BV is present in 30% to 50% of sexually active women, and of these women 50% to 75% have an abnormal vaginal discharge, which is gray, thin, and homogeneous and may have a fishy odor.² In addition to causing an abnormal vaginal discharge, BV is a cause of postpartum fever, posthysterectomy vaginal cuff cellulitis, and postabortion infection, and it increases the risk of acquiring HIV, herpes simplex type 2, gonorrhea, chlamydia, and trichomoniasis infection.³

When using microscopy and the Amsel criteria, the diagnosis of BV is made when at least 3 of the following 4 criteria are present:  

1. homogeneous, thin, gray discharge  
2. vaginal pH >4.5  
3. positive whiff-amine test when applying a drop of 10% KOH to a sample of the vaginal discharge  
4. clue cells detected with microscopy on a saline wet mount.  

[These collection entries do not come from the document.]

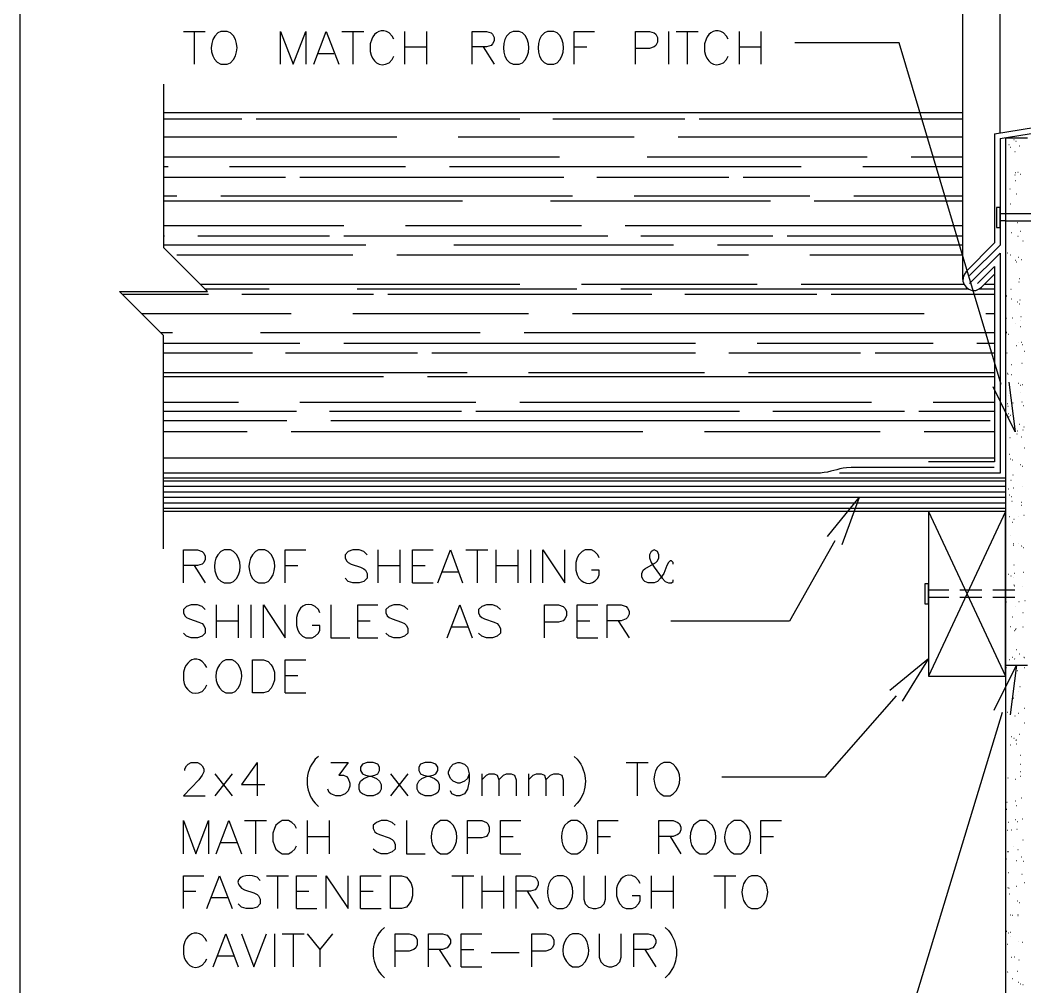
# Model space of a CAD drawing. Header units: millimetres. Extents: x 14 to 201, y 16 to 268.
# Drawn here: x 13.8 to 86.4, y 141.7 to 211.5 of the extents above; entities that cross this region are included whole.
import ezdxf

# ---------------------------------------------------------------- set-up
doc = ezdxf.new("R2010")
doc.units = ezdxf.units.MM
doc.layers.get('0').update_dxf_attribs({"linetype": 'CONTINUOUS'})

msp = doc.modelspace()

# ---------------------------------------------------------------- linework, layer by layer
at = {"color": 0}
for p, q in [((13.8424, 55.4136), (13.8424, 264.541)), ((25.6329, 210.715), (27.2204, 210.715)), ((26.4156, 210.715), (26.4156, 208.343)), ((28.1299, 210.608), (27.897, 210.376)), ((28.3421, 210.715), (28.1299, 210.608)), ((28.8079, 210.715), (28.3421, 210.715)), ((29.0408, 210.608), (28.8079, 210.715)), ((32.6595, 208.343), (32.6595, 210.715)), ((32.6595, 210.715), (33.5704, 208.343)), ((33.5704, 208.343), (34.4799, 210.715)), ((34.4799, 210.715), (34.4799, 208.343)), ((35.0518, 208.343), (35.9406, 210.715)), ((35.9406, 210.715), (36.8515, 208.343)), ((37.0844, 210.715), (38.6719, 210.715)), ((37.8672, 210.715), (37.8672, 208.343)), ((40.7031, 210.376), (40.4922, 210.608)), ((41.614, 210.715), (41.614, 208.343)), ((43.2015, 210.715), (43.2015, 208.343)), ((46.5032, 208.343), (46.5032, 210.715)), ((46.5032, 210.715), (47.5188, 210.715)), ((47.5188, 210.715), (47.8578, 210.608)), ((47.8578, 210.608), (47.964, 210.502)), ((47.964, 210.502), (48.0907, 210.269)), ((49.2125, 210.608), (48.9797, 210.376)), ((49.4453, 210.715), (49.2125, 210.608)), ((49.8905, 210.715), (49.4453, 210.715)), ((50.122, 210.608), (49.8905, 210.715)), ((51.7095, 210.608), (51.478, 210.376)), ((51.9423, 210.715), (51.7095, 210.608)), ((52.3875, 210.715), (51.9423, 210.715)), ((52.6203, 210.608), (52.3875, 210.715)), ((53.8688, 208.343), (53.8688, 210.715)), ((53.8688, 210.715), (55.3297, 210.715)), ((58.2923, 208.343), (58.2923, 210.715)), ((58.2923, 210.715), (59.3094, 210.715)), ((59.3094, 210.715), (59.647, 210.608)), ((59.647, 210.608), (59.7531, 210.502)), ((59.7531, 210.502), (59.8798, 210.269)), ((60.664, 210.715), (60.664, 208.343)), ((61.2345, 210.715), (62.822, 210.715)), ((62.0187, 210.715), (62.0187, 208.343)), ((64.8547, 210.376), (64.6423, 210.608)), ((65.7655, 210.715), (65.7655, 208.343)), ((67.353, 210.715), (67.353, 208.343)), ((39.2423, 210.143), (39.1156, 209.804)), ((39.1156, 209.804), (39.1156, 209.254)), ((40.8298, 210.143), (40.7031, 210.376)), ((47.964, 209.804), (47.8578, 209.699)), ((48.0907, 210.036), (47.964, 209.804)), ((48.0907, 210.269), (48.0907, 210.036)), ((59.8798, 209.93), (59.7531, 209.699)), ((59.8798, 210.269), (59.8798, 209.93)), ((63.3938, 210.143), (63.2672, 209.804)), ((63.2672, 209.804), (63.2672, 209.254)), ((64.9813, 210.143), (64.8547, 210.376)), ((77.3423, 209.889), (69.7865, 209.889)), ((84.6875, 185.208), (77.3423, 209.889)), ((35.3907, 209.127), (36.5125, 209.127)), ((41.614, 209.593), (43.2015, 209.593)), ((47.5188, 209.593), (46.5032, 209.593)), ((47.286, 209.593), (48.0907, 208.343)), ((47.8578, 209.699), (47.5188, 209.593)), ((53.8688, 209.593), (54.7797, 209.593)), ((59.3094, 209.466), (58.2923, 209.466)), ((59.647, 209.593), (59.3094, 209.466)), ((59.7531, 209.699), (59.647, 209.593)), ((65.7655, 209.593), (67.353, 209.593)), ((28.3421, 208.343), (28.8079, 208.343)), ((28.8079, 208.343), (29.0408, 208.449)), ((40.4922, 208.449), (40.7031, 208.682)), ((40.7031, 208.682), (40.8298, 208.915)), ((49.4453, 208.343), (49.8905, 208.343)), ((49.8905, 208.343), (50.122, 208.449)), ((51.9423, 208.343), (52.3875, 208.343)), ((52.3875, 208.343), (52.6203, 208.449)), ((64.6423, 208.449), (64.8547, 208.682)), ((64.8547, 208.682), (64.9813, 208.915)), ((24.1928, 206.904), (24.1928, 195.093)), ((84.2215, 203.306), (104.458, 206.608)), ((81.9146, 204.83), (24.1928, 204.83)), ((84.2215, 203.306), (84.2215, 195.432)), ((85.0057, 203.031), (85.0057, 95.2927)), ((85.0057, 203.031), (86.5932, 203.031)), ((84.2215, 195.432), (82.1475, 193.358)), ((27.3678, 191.918), (24.1928, 195.093)), ((82.1697, 193.336), (82.0416, 193.189)), ((84.2215, 193.738), (82.9952, 192.51)), ((84.2215, 193.189), (83.2693, 192.236)), ((84.2215, 193.738), (84.2215, 179.62)), ((24.1928, 188.743), (21.0178, 191.918)), ((21.0178, 191.918), (27.3678, 191.918)), ((83.1219, 192.108), (83.2693, 192.236)), ((24.1928, 173.334), (24.1928, 188.743)), ((85.2593, 185.378), (85.7042, 181.78)), ((85.7042, 181.78), (84.1167, 185.039)), ((84.2215, 179.896), (24.1928, 179.896)), ((84.2215, 179.62), (79.459, 179.62)), ((85.0057, 178.435), (24.1928, 178.435)), ((72.1568, 174.222), (74.4432, 177.038)), ((74.4432, 177.038), (73.1943, 173.63)), ((85.0057, 176.043), (24.1928, 176.043)), ((85.0057, 176.043), (79.459, 176.043)), ((79.459, 176.043), (79.459, 164.148)), ((85.0057, 164.148), (85.0057, 176.043)), ((72.686, 173.926), (69.4048, 168.126)), ((25.6329, 170.878), (25.6329, 173.27)), ((25.6329, 173.27), (26.6485, 173.27)), ((26.6485, 173.27), (26.9875, 173.144)), ((26.9875, 173.144), (27.1143, 173.038)), ((27.1143, 173.038), (27.2204, 172.805)), ((27.2204, 172.805), (27.2204, 172.572)), ((28.3421, 173.144), (28.1299, 172.911)), ((28.575, 173.27), (28.3421, 173.144)), ((29.0408, 173.27), (28.575, 173.27)), ((29.253, 173.144), (29.0408, 173.27)), ((30.8405, 173.144), (30.6283, 172.911)), ((31.072, 173.27), (30.8405, 173.144)), ((31.5171, 173.27), (31.072, 173.27)), ((31.75, 173.144), (31.5171, 173.27)), ((32.9985, 170.878), (32.9985, 173.27)), ((32.9985, 173.27), (34.4799, 173.27)), ((37.5281, 173.144), (37.3172, 172.911)), ((37.3172, 172.911), (37.3172, 172.698)), ((37.8672, 173.27), (37.5281, 173.144)), ((38.3328, 173.27), (37.8672, 173.27)), ((38.6719, 173.144), (38.3328, 173.27)), ((38.9047, 172.911), (38.6719, 173.144)), ((39.6875, 173.27), (39.6875, 170.878)), ((41.275, 173.27), (41.275, 170.878)), ((42.1845, 170.878), (42.1845, 173.27)), ((42.1845, 173.27), (43.6672, 173.27)), ((44.0048, 170.878), (44.9157, 173.27)), ((44.9157, 173.27), (45.8047, 170.878)), ((46.0375, 173.27), (47.625, 173.27)), ((46.8422, 173.27), (46.8422, 170.878)), ((48.1969, 173.27), (48.1969, 170.878)), ((49.7844, 173.27), (49.7844, 170.878)), ((50.6938, 173.27), (50.6938, 170.878)), ((51.6047, 170.878), (51.6047, 173.27)), ((51.6047, 173.27), (53.1922, 170.878)), ((53.1922, 170.878), (53.1922, 173.27)), ((54.2078, 172.911), (54.0812, 172.698)), ((54.4407, 173.144), (54.2078, 172.911)), ((54.653, 173.27), (54.4407, 173.144)), ((55.1173, 173.27), (54.653, 173.27)), ((55.3297, 173.144), (55.1173, 173.27)), ((55.5625, 172.911), (55.3297, 173.144)), ((55.6687, 172.698), (55.5625, 172.911)), ((59.4155, 173.144), (59.3094, 172.911)), ((59.3094, 172.911), (59.3094, 172.698)), ((59.647, 173.27), (59.4155, 173.144)), ((59.8798, 173.144), (59.647, 173.27)), ((59.986, 172.911), (59.8798, 173.144)), ((59.986, 172.698), (59.986, 172.911)), ((26.6485, 172.128), (25.6329, 172.128)), ((26.4156, 172.128), (27.2204, 170.878)), ((26.9875, 172.233), (26.6485, 172.128)), ((27.1143, 172.359), (26.9875, 172.233)), ((27.2204, 172.572), (27.1143, 172.359)), ((32.9985, 172.128), (33.9094, 172.128)), ((37.3172, 172.698), (37.422, 172.466)), ((37.422, 172.466), (37.5281, 172.359)), ((37.5281, 172.359), (37.761, 172.233)), ((37.761, 172.233), (38.439, 172.022)), ((38.439, 172.022), (38.6719, 171.895)), ((39.6875, 172.128), (41.275, 172.128)), ((42.1845, 172.128), (43.0953, 172.128)), ((48.1969, 172.128), (49.7844, 172.128)), ((54.0812, 172.698), (53.975, 172.359)), ((53.975, 172.359), (53.975, 171.789)), ((58.9703, 171.895), (59.7531, 172.359)), ((59.3094, 172.698), (59.4155, 172.359)), ((59.4155, 172.359), (59.647, 172.022)), ((59.647, 172.022), (60.2188, 171.217)), ((59.7531, 172.359), (59.8798, 172.466)), ((59.8798, 172.466), (59.986, 172.698)), ((60.5578, 172.128), (60.325, 171.556)), ((60.664, 172.359), (60.5578, 172.128)), ((60.7907, 172.466), (60.664, 172.359)), ((60.8969, 172.466), (60.7907, 172.466)), ((61.003, 172.359), (60.8969, 172.466)), ((61.003, 172.233), (61.003, 172.359)), ((38.6719, 171.895), (38.778, 171.789)), ((38.778, 171.789), (38.9047, 171.556)), ((38.9047, 171.556), (38.9047, 171.217)), ((44.3438, 171.683), (45.4656, 171.683)), ((53.975, 171.789), (54.0812, 171.45)), ((55.6687, 171.789), (55.1173, 171.789)), ((55.5625, 171.217), (55.6687, 171.45)), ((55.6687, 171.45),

If microscopy is not available, the Affirm VPIII test (BD Diagnostic Systems, Franklin Lakes, New Jersey) for DNA sequences of G vaginalis has high sensitivity and specificity.⁴ The OSOM BVBlue test (Sekisui Diagnostics, Lexington, Massachusetts), a Clinical Laboratory Improvement Amendments-waived point of service test, measures vaginal sialidase, which is produced by Gardnerella and other pathogens associated with BV.⁵ BV may be detected in routine cervical cytology testing and, if the patient is symptomatic, treatment is recommended.

Initial treatment of BV. The Centers for Disease Control and Prevention (CDC) has recommended 3 treatment regimens for BV and 4 alternative treatment options (TABLE).⁶ In addition to antimicrobial treatment, the CDC recommends that women with BV use condoms with sexual intercourse. The CDC also advises that clinicians should con-sider testing women with BV for HIV and other sexually transmitted infections.